TASK GOAL => Only those lines in the data below from the line containing "0 10303 214" through the line containing "#18=AXIS2_PLACEMENT_3D('',#15,#16,#17);", both included, should be restated word for word.

[Records from a data collection]
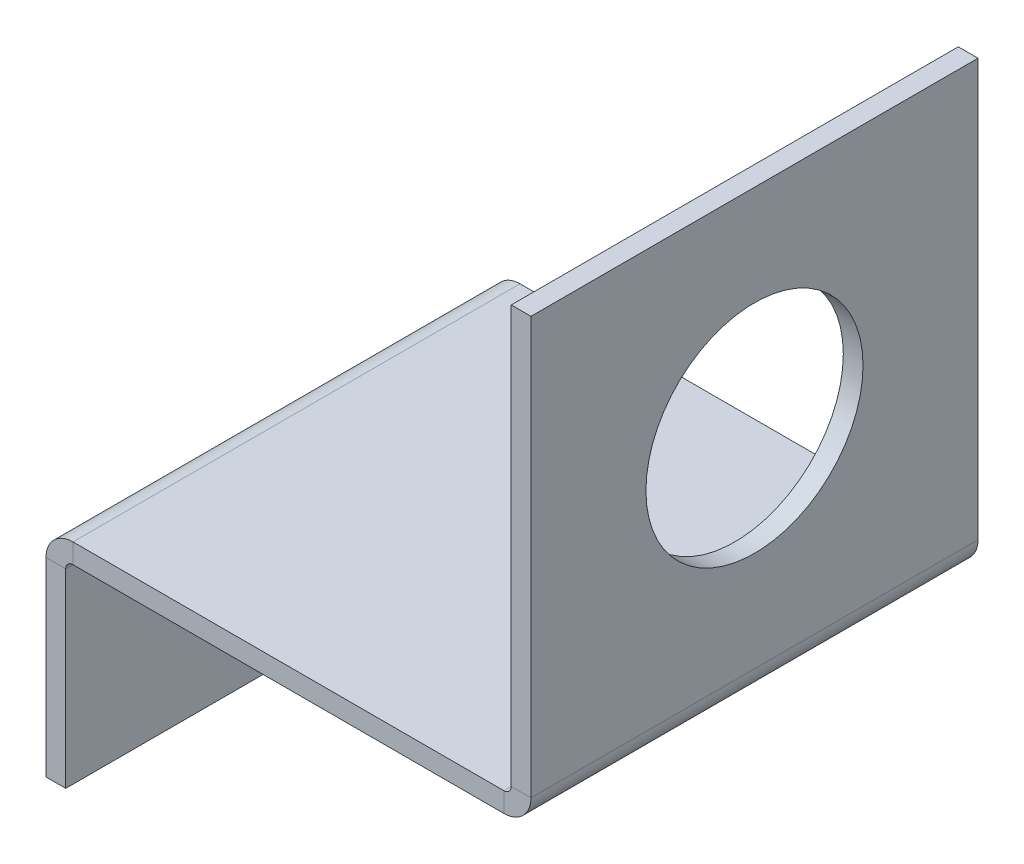
ISO-10303-21;
HEADER;
FILE_DESCRIPTION(('STEP AP214'),'2;1');
FILE_NAME('part.step','',(''),(''),'','','');
FILE_SCHEMA(('AUTOMOTIVE_DESIGN { 1 0 10303 214 1 1 1 1 }'));
ENDSEC;
DATA;
#1=APPLICATION_CONTEXT('core data for automotive mechanical design processes');
#2=APPLICATION_PROTOCOL_DEFINITION('international standard','automotive_design',2000,#1);
#3=PRODUCT_CONTEXT('',#1,'mechanical');
#4=PRODUCT('Part','Part','',(#3));
#5=PRODUCT_RELATED_PRODUCT_CATEGORY('part','',(#4));
#6=PRODUCT_DEFINITION_FORMATION('','',#4);
#7=PRODUCT_DEFINITION_CONTEXT('part definition',#1,'design');
#8=PRODUCT_DEFINITION('design','',#6,#7);
#9=PRODUCT_DEFINITION_SHAPE('','',#8);
#10=(LENGTH_UNIT() NAMED_UNIT(*) SI_UNIT(.MILLI.,.METRE.));
#11=(NAMED_UNIT(*) PLANE_ANGLE_UNIT() SI_UNIT($,.RADIAN.));
#12=(NAMED_UNIT(*) SI_UNIT($,.STERADIAN.) SOLID_ANGLE_UNIT());
#13=UNCERTAINTY_MEASURE_WITH_UNIT(LENGTH_MEASURE(1.E-05),#10,'distance_accuracy_value','');
#14=(GEOMETRIC_REPRESENTATION_CONTEXT(3) GLOBAL_UNCERTAINTY_ASSIGNED_CONTEXT((#13)) GLOBAL_UNIT_ASSIGNED_CONTEXT((#10,
#11,#12)) REPRESENTATION_CONTEXT('',''));
#15=CARTESIAN_POINT('',(0.,0.,0.));
#16=DIRECTION('',(0.,0.,1.));
#17=DIRECTION('',(1.,0.,0.));
#18=AXIS2_PLACEMENT_3D('',#15,#16,#17);
#19=CARTESIAN_POINT('',(0.,0.,-45.3));
#20=DIRECTION('',(0.,0.,1.));
#21=DIRECTION('',(1.,0.,0.));
#22=AXIS2_PLACEMENT_3D('',#19,#20,#21);
#23=PLANE('',#22);
#24=DIRECTION('',(0.,-1.,0.));
#25=VECTOR('',#24,1.);
#26=CARTESIAN_POINT('',(44.4071912642045,1.59594559789866E-13,-45.3));
#27=LINE('',#26,#25);
#28=CARTESIAN_POINT('',(44.4071912642045,1.59594559789866E-13,-45.3));
#29=VERTEX_POINT('',#28);
#30=CARTESIAN_POINT('',(44.4071912642045,-1.99999999999984,-45.3));
#31=VERTEX_POINT('',#30);
#32=EDGE_CURVE('E217',#29,#31,#27,.T.);
#33=ORIENTED_EDGE('',*,*,#32,.T.);
#34=DIRECTION('',(1.,0.,0.));
#35=VECTOR('',#34,1.);
#36=CARTESIAN_POINT('',(0.,-2.,-45.3));
#37=LINE('',#36,#35);
#38=CARTESIAN_POINT('',(0.736599999999997,-2.,-45.3));
#39=VERTEX_POINT('',#38);
#40=EDGE_CURVE('E242',#31,#39,#37,.F.);
#41=ORIENTED_EDGE('',*,*,#40,.T.);
#42=DIRECTION('',(0.,-1.,0.));
#43=VECTOR('',#42,1.);
#44=CARTESIAN_POINT('',(0.73659999999999,0.,-45.3));
#45=LINE('',#44,#43);
#46=CARTESIAN_POINT('',(0.73659999999999,0.,-45.3));
#47=VERTEX_POINT('',#46);
#48=EDGE_CURVE('E230',#39,#47,#45,.F.);
#49=ORIENTED_EDGE('',*,*,#48,.T.);
#50=DIRECTION('',(-1.,0.,0.));
#51=VECTOR('',#50,1.);
#52=CARTESIAN_POINT('',(0.,0.,-45.3));
#53=LINE('',#52,#51);
#54=EDGE_CURVE('E237',#29,#47,#53,.T.);
#55=ORIENTED_EDGE('',*,*,#54,.F.);
#56=EDGE_LOOP('',(#33,#41,#49,#55));
#57=FACE_BOUND('',#56,.T.);
#58=ADVANCED_FACE('F79',(#57),#23,.F.);
#59=CARTESIAN_POINT('',(47.1437912642045,1.64798730217797E-13,0.));
#60=DIRECTION('',(0.,0.,-1.));
#61=DIRECTION('',(-1.,0.,0.));
#62=AXIS2_PLACEMENT_3D('',#59,#60,#61);
#63=PLANE('',#62);
#64=DIRECTION('',(0.,-1.,0.));
#65=VECTOR('',#64,1.);
#66=CARTESIAN_POINT('',(44.4071912642045,1.59594559789866E-13,0.));
#67=LINE('',#66,#65);
#68=CARTESIAN_POINT('',(44.4071912642045,1.59594559789866E-13,0.));
#69=VERTEX_POINT('',#68);
#70=CARTESIAN_POINT('',(44.4071912642045,-1.99999999999984,0.));
#71=VERTEX_POINT('',#70);
#72=EDGE_CURVE('E228',#69,#71,#67,.T.);
#73=ORIENTED_EDGE('',*,*,#72,.F.);
#74=DIRECTION('',(1.,0.,0.));
#75=VECTOR('',#74,1.);
#76=CARTESIAN_POINT('',(0.,0.,0.));
#77=LINE('',#76,#75);
#78=CARTESIAN_POINT('',(0.73659999999999,0.,0.));
#79=VERTEX_POINT('',#78);
#80=EDGE_CURVE('E233',#79,#69,#77,.T.);
#81=ORIENTED_EDGE('',*,*,#80,.F.);
#82=DIRECTION('',(0.,-1.,0.));
#83=VECTOR('',#82,1.);
#84=CARTESIAN_POINT('',(0.736599999999997,-2.,0.));
#85=LINE('',#84,#83);
#86=CARTESIAN_POINT('',(0.736599999999997,-2.,0.));
#87=VERTEX_POINT('',#86);
#88=EDGE_CURVE('E247',#87,#79,#85,.F.);
#89=ORIENTED_EDGE('',*,*,#88,.F.);
#90=DIRECTION('',(-1.,0.,0.));
#91=VECTOR('',#90,1.);
#92=CARTESIAN_POINT('',(47.1437912642045,-1.99999999999984,0.));
#93=LINE('',#92,#91);
#94=EDGE_CURVE('E239',#87,#71,#93,.F.);
#95=ORIENTED_EDGE('',*,*,#94,.T.);
#96=EDGE_LOOP('',(#73,#81,#89,#95));
#97=FACE_BOUND('',#96,.T.);
#98=ADVANCED_FACE('F321',(#97),#63,.F.);
#99=CARTESIAN_POINT('',(0.,0.,0.));
#100=DIRECTION('',(0.,-1.,0.));
#101=DIRECTION('',(1.,0.,0.));
#102=AXIS2_PLACEMENT_3D('',#99,#100,#101);
#103=PLANE('',#102);
#104=DIRECTION('',(0.,0.,-1.));
#105=VECTOR('',#104,1.);
#106=CARTESIAN_POINT('',(44.4071912642045,1.59594559789866E-13,-45.3));
#107=LINE('',#106,#105);
#108=EDGE_CURVE('E223',#29,#69,#107,.F.);
#109=ORIENTED_EDGE('',*,*,#108,.F.);
#110=ORIENTED_EDGE('',*,*,#54,.T.);
#111=DIRECTION('',(0.,0.,1.));
#112=VECTOR('',#111,1.);
#113=CARTESIAN_POINT('',(0.73659999999999,0.,-45.3));
#114=LINE('',#113,#112);
#115=EDGE_CURVE('E244',#79,#47,#114,.F.);
#116=ORIENTED_EDGE('',*,*,#115,.F.);
#117=ORIENTED_EDGE('',*,*,#80,.T.);
#118=EDGE_LOOP('',(#109,#110,#116,#117));
#119=FACE_BOUND('',#118,.T.);
#120=ADVANCED_FACE('F324',(#119),#103,.F.);
#121=CARTESIAN_POINT('',(0.,-2.,0.));
#122=DIRECTION('',(0.,-1.,0.));
#123=DIRECTION('',(1.,0.,0.));
#124=AXIS2_PLACEMENT_3D('',#121,#122,#123);
#125=PLANE('',#124);
#126=ORIENTED_EDGE('',*,*,#40,.F.);
#127=DIRECTION('',(0.,0.,-1.));
#128=VECTOR('',#127,1.);
#129=CARTESIAN_POINT('',(44.4071912642045,-1.99999999999984,-45.3));
#130=LINE('',#129,#128);
#131=EDGE_CURVE('E212',#31,#71,#130,.F.);
#132=ORIENTED_EDGE('',*,*,#131,.T.);
#133=ORIENTED_EDGE('',*,*,#94,.F.);
#134=DIRECTION('',(0.,0.,1.));
#135=VECTOR('',#134,1.);
#136=CARTESIAN_POINT('',(0.736599999999997,-2.,-45.3));
#137=LINE('',#136,#135);
#138=EDGE_CURVE('E250',#39,#87,#137,.T.);
#139=ORIENTED_EDGE('',*,*,#138,.F.);
#140=EDGE_LOOP('',(#126,#132,#133,#139));
#141=FACE_BOUND('',#140,.T.);
#142=ADVANCED_FACE('F312',(#141),#125,.T.);
#143=CARTESIAN_POINT('',(-2.,0.,0.));
#144=DIRECTION('',(0.,0.,1.));
#145=DIRECTION('',(0.,-1.,0.));
#146=AXIS2_PLACEMENT_3D('',#143,#144,#145);
#147=PLANE('',#146);
#148=DIRECTION('',(0.,-1.,0.));
#149=VECTOR('',#148,1.);
#150=CARTESIAN_POINT('',(0.,0.,0.));
#151=LINE('',#150,#149);
#152=CARTESIAN_POINT('',(0.,-2.7366,0.));
#153=VERTEX_POINT('',#152);
#154=CARTESIAN_POINT('',(0.,-22.,0.));
#155=VERTEX_POINT('',#154);
#156=EDGE_CURVE('E272',#153,#155,#151,.T.);
#157=ORIENTED_EDGE('',*,*,#156,.F.);
#158=DIRECTION('',(-1.,0.,0.));
#159=VECTOR('',#158,1.);
#160=CARTESIAN_POINT('',(0.,-2.7366,0.));
#161=LINE('',#160,#159);
#162=CARTESIAN_POINT('',(-2.,-2.7366,0.));
#163=VERTEX_POINT('',#162);
#164=EDGE_CURVE('E260',#153,#163,#161,.T.);
#165=ORIENTED_EDGE('',*,*,#164,.T.);
#166=DIRECTION('',(0.,-1.,0.));
#167=VECTOR('',#166,1.);
#168=CARTESIAN_POINT('',(-2.,0.,0.));
#169=LINE('',#168,#167);
#170=CARTESIAN_POINT('',(-2.,-22.,0.));
#171=VERTEX_POINT('',#170);
#172=EDGE_CURVE('E275',#163,#171,#169,.T.);
#173=ORIENTED_EDGE('',*,*,#172,.T.);
#174=DIRECTION('',(1.,0.,0.));
#175=VECTOR('',#174,1.);
#176=CARTESIAN_POINT('',(-2.,-22.,0.));
#177=LINE('',#176,#175);
#178=EDGE_CURVE('E88',#171,#155,#177,.T.);
#179=ORIENTED_EDGE('',*,*,#178,.T.);
#180=EDGE_LOOP('',(#157,#165,#173,#179));
#181=FACE_BOUND('',#180,.T.);
#182=ADVANCED_FACE('F81',(#181),#147,.T.);
#183=CARTESIAN_POINT('',(-2.,0.,0.));
#184=DIRECTION('',(1.,0.,0.));
#185=DIRECTION('',(0.,0.,-1.));
#186=AXIS2_PLACEMENT_3D('',#183,#184,#185);
#187=PLANE('',#186);
#188=DIRECTION('',(0.,0.,1.));
#189=VECTOR('',#188,1.);
#190=CARTESIAN_POINT('',(-2.,-2.7366,0.));
#191=LINE('',#190,#189);
#192=CARTESIAN_POINT('',(-2.,-2.7366,-45.3));
#193=VERTEX_POINT('',#192);
#194=EDGE_CURVE('E254',#163,#193,#191,.F.);
#195=ORIENTED_EDGE('',*,*,#194,.T.);
#196=DIRECTION('',(0.,1.,0.));
#197=VECTOR('',#196,1.);
#198=CARTESIAN_POINT('',(-2.,0.,-45.3));
#199=LINE('',#198,#197);
#200=CARTESIAN_POINT('',(-2.,-22.,-45.3));
#201=VERTEX_POINT('',#200);
#202=EDGE_CURVE('E281',#201,#193,#199,.T.);
#203=ORIENTED_EDGE('',*,*,#202,.F.);
#204=DIRECTION('',(0.,0.,-1.));
#205=VECTOR('',#204,1.);
#206=CARTESIAN_POINT('',(-2.,-22.,0.));
#207=LINE('',#206,#205);
#208=EDGE_CURVE('E277',#171,#201,#207,.T.);
#209=ORIENTED_EDGE('',*,*,#208,.F.);
#210=ORIENTED_EDGE('',*,*,#172,.F.);
#211=EDGE_LOOP('',(#195,#203,#209,#210));
#212=FACE_BOUND('',#211,.T.);
#213=ADVANCED_FACE('F330',(#212),#187,.F.);
#214=CARTESIAN_POINT('',(0.,0.,0.));
#215=DIRECTION('',(1.,0.,0.));
#216=DIRECTION('',(0.,0.,-1.));
#217=AXIS2_PLACEMENT_3D('',#214,#215,#216);
#218=PLANE('',#217);
#219=DIRECTION('',(0.,1.,0.));
#220=VECTOR('',#219,1.);
#221=CARTESIAN_POINT('',(0.,0.,-45.3));
#222=LINE('',#221,#220);
#223=CARTESIAN_POINT('',(0.,-22.,-45.3));
#224=VERTEX_POINT('',#223);
#225=CARTESIAN_POINT('',(0.,-2.7366,-45.3));
#226=VERTEX_POINT('',#225);
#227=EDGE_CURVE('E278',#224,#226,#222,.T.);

PROBLEM SOLUTION =>
FILE_SCHEMA(('AUTOMOTIVE_DESIGN { 1 0 10303 214 1 1 1 1 }'));
ENDSEC;
DATA;
#1=APPLICATION_CONTEXT('core data for automotive mechanical design processes');
#2=APPLICATION_PROTOCOL_DEFINITION('international standard','automotive_design',2000,#1);
#3=PRODUCT_CONTEXT('',#1,'mechanical');
#4=PRODUCT('Part','Part','',(#3));
#5=PRODUCT_RELATED_PRODUCT_CATEGORY('part','',(#4));
#6=PRODUCT_DEFINITION_FORMATION('','',#4);
#7=PRODUCT_DEFINITION_CONTEXT('part definition',#1,'design');
#8=PRODUCT_DEFINITION('design','',#6,#7);
#9=PRODUCT_DEFINITION_SHAPE('','',#8);
#10=(LENGTH_UNIT() NAMED_UNIT(*) SI_UNIT(.MILLI.,.METRE.));
#11=(NAMED_UNIT(*) PLANE_ANGLE_UNIT() SI_UNIT($,.RADIAN.));
#12=(NAMED_UNIT(*) SI_UNIT($,.STERADIAN.) SOLID_ANGLE_UNIT());
#13=UNCERTAINTY_MEASURE_WITH_UNIT(LENGTH_MEASURE(1.E-05),#10,'distance_accuracy_value','');
#14=(GEOMETRIC_REPRESENTATION_CONTEXT(3) GLOBAL_UNCERTAINTY_ASSIGNED_CONTEXT((#13)) GLOBAL_UNIT_ASSIGNED_CONTEXT((#10,
#11,#12)) REPRESENTATION_CONTEXT('',''));
#15=CARTESIAN_POINT('',(0.,0.,0.));
#16=DIRECTION('',(0.,0.,1.));
#17=DIRECTION('',(1.,0.,0.));
#18=AXIS2_PLACEMENT_3D('',#15,#16,#17);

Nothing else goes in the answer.